Le pénaliste est également revenu sur la localisation de Zakaria Jaffal rue de la Serrure à Bruxelles, la veille des attentats, le 12 novembre 2015 vers 03h00, alors que Salah Abdeslam et Mohamed Abrini s'y trouvaient aussi. Selon l'enquête, c'est à ce moment-là que les deux hommes ont installé un brouilleur de GPS dans le véhicule de location Seat Leon, qui sera le lendemain l'un des "convois de la mort". "Le fait qu'il était avec eux n'est qu'une hypothèse", a plaidé Me Lefèbvre. "Et même s'il les a effectivement suivis dans la rue de la Serrure, a-t-il forcément fourni une aide? Était-il forcément au courant de quelque chose? Non. Il ne savait rien", a-t-il martelé.

"Le fait qu'il ait cassé son GSM le soir des attentats, ça c'est troublant", a concédé l'avocat. "Mais est-ce que sa réaction est une aide? C'est ça la question qu'il faut se poser! Il voit les attentats à la télévision, et quelques minutes avant Dahmani l'avait appelé... Je ne sais pas ce que j'aurais fait à sa place. Il panique, oui, mais il panique après que les attentats soient commis. Quelle est donc l'aide effective qu'il apporte? Il n'y en a pas!", a plaidé Me Lefèbvre.

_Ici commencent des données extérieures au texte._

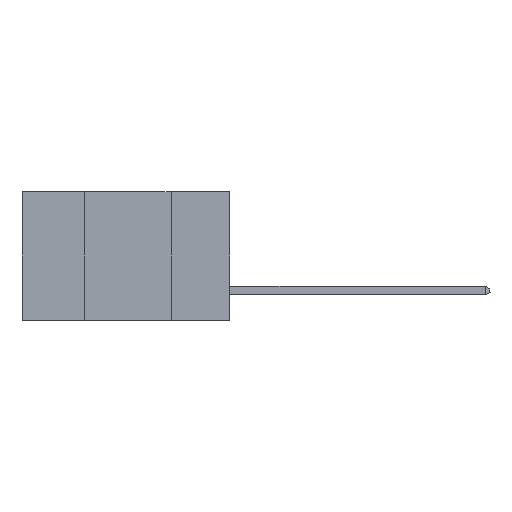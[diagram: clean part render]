
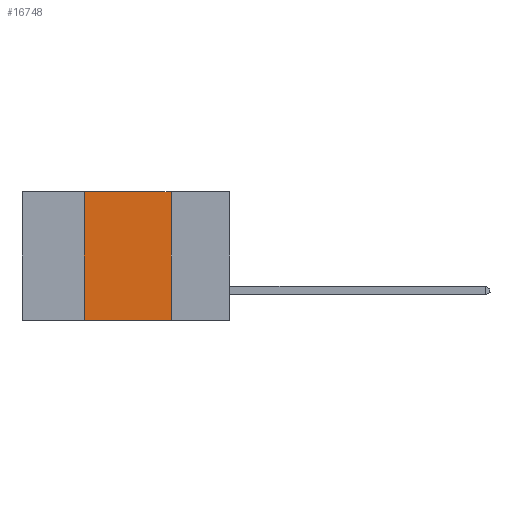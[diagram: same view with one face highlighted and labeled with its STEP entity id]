
A CAD part, left-side view. The second image highlights one B-rep face of the part: STEP entity #16748.
In plain terms, the highlighted planar face has unit normal (-1, 0, 0).
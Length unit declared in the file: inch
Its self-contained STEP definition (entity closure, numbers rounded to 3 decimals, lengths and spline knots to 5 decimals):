
#1891 = EDGE_CURVE ( 'NONE', #16622, #2082, #9372, .T. ) ;
#2082 = VERTEX_POINT ( 'NONE', #2215 ) ;
#2117 = DIRECTION ( 'NONE',  ( 0., -1., 0. ) ) ;
#2215 = CARTESIAN_POINT ( 'NONE',  ( 0., 0.17, -0.37 ) ) ;
#3832 = VERTEX_POINT ( 'NONE', #17623 ) ;
#3936 = DIRECTION ( 'NONE',  ( 0., -1., 0. ) ) ;
#4508 = EDGE_CURVE ( 'NONE', #16622, #3832, #6972, .T. ) ;
#4633 = FACE_OUTER_BOUND ( 'NONE', #12480, .T. ) ;
#5152 = CARTESIAN_POINT ( 'NONE',  ( 0., 0.42, -0.37 ) ) ;
#5518 = DIRECTION ( 'NONE',  ( 1., 0., 0. ) ) ;
#5779 = ORIENTED_EDGE ( 'NONE', *, *, #9462, .F. ) ;
#5874 = CARTESIAN_POINT ( 'NONE',  ( 0., 0.17, 0. ) ) ;
#6119 = VECTOR ( 'NONE', #2117, 39.37008 ) ;
#6846 = DIRECTION ( 'NONE',  ( 0., 0., 1. ) ) ;
#6870 = CARTESIAN_POINT ( 'NONE',  ( 0., 0.6, -0.37 ) ) ;
#6972 = LINE ( 'NONE', #9648, #13837 ) ;
#7585 = LINE ( 'NONE', #8728, #6119 ) ;
#8135 = DIRECTION ( 'NONE',  ( 0., 0., -1. ) ) ;
#8728 = CARTESIAN_POINT ( 'NONE',  ( 0., 0.6, 0. ) ) ;
#9267 = AXIS2_PLACEMENT_3D ( 'NONE', #16567, #5518, #8135 ) ;
#9372 = LINE ( 'NONE', #6870, #11547 ) ;
#9462 = EDGE_CURVE ( 'NONE', #10476, #2082, #10475, .T. ) ;
#9648 = CARTESIAN_POINT ( 'NONE',  ( 0., 0.42, 0. ) ) ;
#10475 = LINE ( 'NONE', #5874, #11146 ) ;
#10476 = VERTEX_POINT ( 'NONE', #11907 ) ;
#11044 = PLANE ( 'NONE',  #9267 ) ;
#11146 = VECTOR ( 'NONE', #15334, 39.37008 ) ;
#11547 = VECTOR ( 'NONE', #3936, 39.37008 ) ;
#11907 = CARTESIAN_POINT ( 'NONE',  ( 0., 0.17, 0. ) ) ;
#12480 = EDGE_LOOP ( 'NONE', ( #5779, #12713, #17216, #13858 ) ) ;
#12713 = ORIENTED_EDGE ( 'NONE', *, *, #12938, .F. ) ;
#12938 = EDGE_CURVE ( 'NONE', #3832, #10476, #7585, .T. ) ;
#13837 = VECTOR ( 'NONE', #6846, 39.37008 ) ;
#13858 = ORIENTED_EDGE ( 'NONE', *, *, #1891, .T. ) ;
#15334 = DIRECTION ( 'NONE',  ( 0., 0., -1. ) ) ;
#16567 = CARTESIAN_POINT ( 'NONE',  ( 0., 0.6, 0. ) ) ;
#16622 = VERTEX_POINT ( 'NONE', #5152 ) ;
#16748 = ADVANCED_FACE ( 'NONE', ( #4633 ), #11044, .F. ) ;
#17216 = ORIENTED_EDGE ( 'NONE', *, *, #4508, .F. ) ;
#17623 = CARTESIAN_POINT ( 'NONE',  ( 0., 0.42, 0. ) ) ;
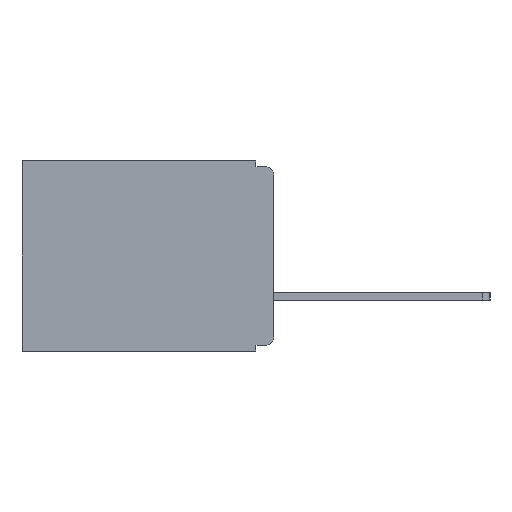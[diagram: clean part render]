
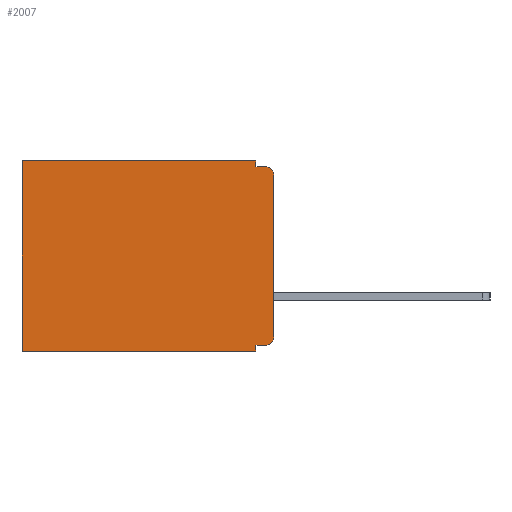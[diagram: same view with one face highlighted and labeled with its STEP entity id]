
A CAD part, left-side view. The second image highlights one B-rep face of the part: STEP entity #2007.
In plain terms, the highlighted planar face has unit normal (-1, 0, 0).
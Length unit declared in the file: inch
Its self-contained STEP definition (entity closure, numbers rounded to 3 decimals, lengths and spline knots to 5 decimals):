
#432 = CARTESIAN_POINT ( 'NONE',  ( 0.3, 0.437, -0.33 ) ) ;
#835 = LINE ( 'NONE', #26661, #13550 ) ;
#858 = CARTESIAN_POINT ( 'NONE',  ( 0.3, 0.437, -0.33 ) ) ;
#1063 = AXIS2_PLACEMENT_3D ( 'NONE', #20945, #20911, #20783 ) ;
#1757 = DIRECTION ( 'NONE',  ( 0., 0., -1. ) ) ;
#2007 = ADVANCED_FACE ( 'NONE', ( #21202 ), #12667, .F. ) ;
#2020 = VERTEX_POINT ( 'NONE', #432 ) ;
#2535 = EDGE_CURVE ( 'NONE', #14769, #2600, #25440, .T. ) ;
#2600 = VERTEX_POINT ( 'NONE', #23161 ) ;
#3704 = ORIENTED_EDGE ( 'NONE', *, *, #23872, .T. ) ;
#3772 = CARTESIAN_POINT ( 'NONE',  ( 0.3, 0., -0.025 ) ) ;
#3799 = DIRECTION ( 'NONE',  ( 0., 0., -1. ) ) ;
#5446 = LINE ( 'NONE', #25615, #31219 ) ;
#5639 = VERTEX_POINT ( 'NONE', #21976 ) ;
#5775 = ORIENTED_EDGE ( 'NONE', *, *, #7161, .T. ) ;
#6248 = VECTOR ( 'NONE', #31935, 39.37008 ) ;
#6291 = CARTESIAN_POINT ( 'NONE',  ( 0.3, 0., -0.305 ) ) ;
#6461 = VERTEX_POINT ( 'NONE', #6291 ) ;
#7126 = EDGE_CURVE ( 'NONE', #20478, #6461, #31333, .T. ) ;
#7161 = EDGE_CURVE ( 'NONE', #24089, #2020, #10728, .T. ) ;
#7533 = ORIENTED_EDGE ( 'NONE', *, *, #2535, .F. ) ;
#7994 = EDGE_CURVE ( 'NONE', #25051, #9024, #18093, .T. ) ;
#8127 = DIRECTION ( 'NONE',  ( 0., 1., 0. ) ) ;
#8853 = EDGE_CURVE ( 'NONE', #2600, #2020, #5446, .T. ) ;
#9024 = VERTEX_POINT ( 'NONE', #11313 ) ;
#9896 = ORIENTED_EDGE ( 'NONE', *, *, #17910, .F. ) ;
#10300 = DIRECTION ( 'NONE',  ( 0., 1., 0. ) ) ;
#10728 = LINE ( 'NONE', #858, #17370 ) ;
#11313 = CARTESIAN_POINT ( 'NONE',  ( 0.3, 0.015, -0.01 ) ) ;
#12667 = PLANE ( 'NONE',  #13517 ) ;
#12791 = AXIS2_PLACEMENT_3D ( 'NONE', #29778, #14893, #32198 ) ;
#12801 = LINE ( 'NONE', #17845, #31810 ) ;
#13415 = ORIENTED_EDGE ( 'NONE', *, *, #7994, .T. ) ;
#13517 = AXIS2_PLACEMENT_3D ( 'NONE', #21205, #15394, #22371 ) ;
#13550 = VECTOR ( 'NONE', #19269, 39.37008 ) ;
#14769 = VERTEX_POINT ( 'NONE', #17635 ) ;
#14893 = DIRECTION ( 'NONE',  ( -1., 0., 0. ) ) ;
#15394 = DIRECTION ( 'NONE',  ( 1., 0., 0. ) ) ;
#16086 = DIRECTION ( 'NONE',  ( 0., 1., 0. ) ) ;
#16304 = EDGE_LOOP ( 'NONE', ( #29795, #13415, #9896, #18129, #3704, #5775, #17162, #7533, #23261, #24260 ) ) ;
#16447 = EDGE_CURVE ( 'NONE', #17509, #5639, #28503, .T. ) ;
#17072 = VECTOR ( 'NONE', #27692, 39.37008 ) ;
#17162 = ORIENTED_EDGE ( 'NONE', *, *, #8853, .F. ) ;
#17245 = LINE ( 'NONE', #30936, #30434 ) ;
#17370 = VECTOR ( 'NONE', #3799, 39.37008 ) ;
#17509 = VERTEX_POINT ( 'NONE', #31003 ) ;
#17635 = CARTESIAN_POINT ( 'NONE',  ( 0.3, 0.031, -0.32 ) ) ;
#17756 = CARTESIAN_POINT ( 'NONE',  ( 0.3, 0., -0.01 ) ) ;
#17845 = CARTESIAN_POINT ( 'NONE',  ( 0.3, 0., -0.32 ) ) ;
#17910 = EDGE_CURVE ( 'NONE', #5639, #9024, #22133, .T. ) ;
#18093 = CIRCLE ( 'NONE', #12791, 0.015 ) ;
#18129 = ORIENTED_EDGE ( 'NONE', *, *, #16447, .F. ) ;
#19269 = DIRECTION ( 'NONE',  ( 0., 0., -1. ) ) ;
#20478 = VERTEX_POINT ( 'NONE', #22175 ) ;
#20783 = DIRECTION ( 'NONE',  ( 0., 0., -1. ) ) ;
#20911 = DIRECTION ( 'NONE',  ( -1., 0., 0. ) ) ;
#20945 = CARTESIAN_POINT ( 'NONE',  ( 0.3, 0.015, -0.305 ) ) ;
#21202 = FACE_OUTER_BOUND ( 'NONE', #16304, .T. ) ;
#21205 = CARTESIAN_POINT ( 'NONE',  ( 0.3, 0., -0.33 ) ) ;
#21840 = CARTESIAN_POINT ( 'NONE',  ( 0.3, 0.437, 0. ) ) ;
#21976 = CARTESIAN_POINT ( 'NONE',  ( 0.3, 0.031, -0.01 ) ) ;
#22133 = LINE ( 'NONE', #17756, #17072 ) ;
#22175 = CARTESIAN_POINT ( 'NONE',  ( 0.3, 0.015, -0.32 ) ) ;
#22371 = DIRECTION ( 'NONE',  ( 0., 0., -1. ) ) ;
#22642 = VECTOR ( 'NONE', #1757, 39.37008 ) ;
#23161 = CARTESIAN_POINT ( 'NONE',  ( 0.3, 0.031, -0.33 ) ) ;
#23261 = ORIENTED_EDGE ( 'NONE', *, *, #26606, .F. ) ;
#23872 = EDGE_CURVE ( 'NONE', #17509, #24089, #17245, .T. ) ;
#24089 = VERTEX_POINT ( 'NONE', #21840 ) ;
#24260 = ORIENTED_EDGE ( 'NONE', *, *, #7126, .T. ) ;
#25051 = VERTEX_POINT ( 'NONE', #3772 ) ;
#25440 = LINE ( 'NONE', #27533, #6248 ) ;
#25615 = CARTESIAN_POINT ( 'NONE',  ( 0.3, 0., -0.33 ) ) ;
#26606 = EDGE_CURVE ( 'NONE', #20478, #14769, #12801, .T. ) ;
#26661 = CARTESIAN_POINT ( 'NONE',  ( 0.3, 0., -0.33 ) ) ;
#26902 = CARTESIAN_POINT ( 'NONE',  ( 0.3, 0.031, 0. ) ) ;
#26990 = EDGE_CURVE ( 'NONE', #25051, #6461, #835, .T. ) ;
#27533 = CARTESIAN_POINT ( 'NONE',  ( 0.3, 0.031, -0.33 ) ) ;
#27692 = DIRECTION ( 'NONE',  ( 0., -1., 0. ) ) ;
#28503 = LINE ( 'NONE', #26902, #22642 ) ;
#29778 = CARTESIAN_POINT ( 'NONE',  ( 0.3, 0.015, -0.025 ) ) ;
#29795 = ORIENTED_EDGE ( 'NONE', *, *, #26990, .F. ) ;
#30434 = VECTOR ( 'NONE', #16086, 39.37008 ) ;
#30936 = CARTESIAN_POINT ( 'NONE',  ( 0.3, 0., 0. ) ) ;
#31003 = CARTESIAN_POINT ( 'NONE',  ( 0.3, 0.031, 0. ) ) ;
#31219 = VECTOR ( 'NONE', #8127, 39.37008 ) ;
#31333 = CIRCLE ( 'NONE', #1063, 0.015 ) ;
#31810 = VECTOR ( 'NONE', #10300, 39.37008 ) ;
#31935 = DIRECTION ( 'NONE',  ( 0., 0., -1. ) ) ;
#32198 = DIRECTION ( 'NONE',  ( 0., 0., -1. ) ) ;

Zakaria Jaffal avait été arrêté en janvier 2016 dans le cadre de l'enquête belge sur les attentats à Paris. Il avait fait quatre mois de détention préventive avant d'être libéré. La procureure fédérale a requis une peine de 18 mois de prison avec sursis à son encontre. Elle l'estime coupable de participation aux activités d'un groupe terroriste pour avoir "activement soutenu son très proche ami Ahmed Dahmani en favorisant son départ vers la Syrie".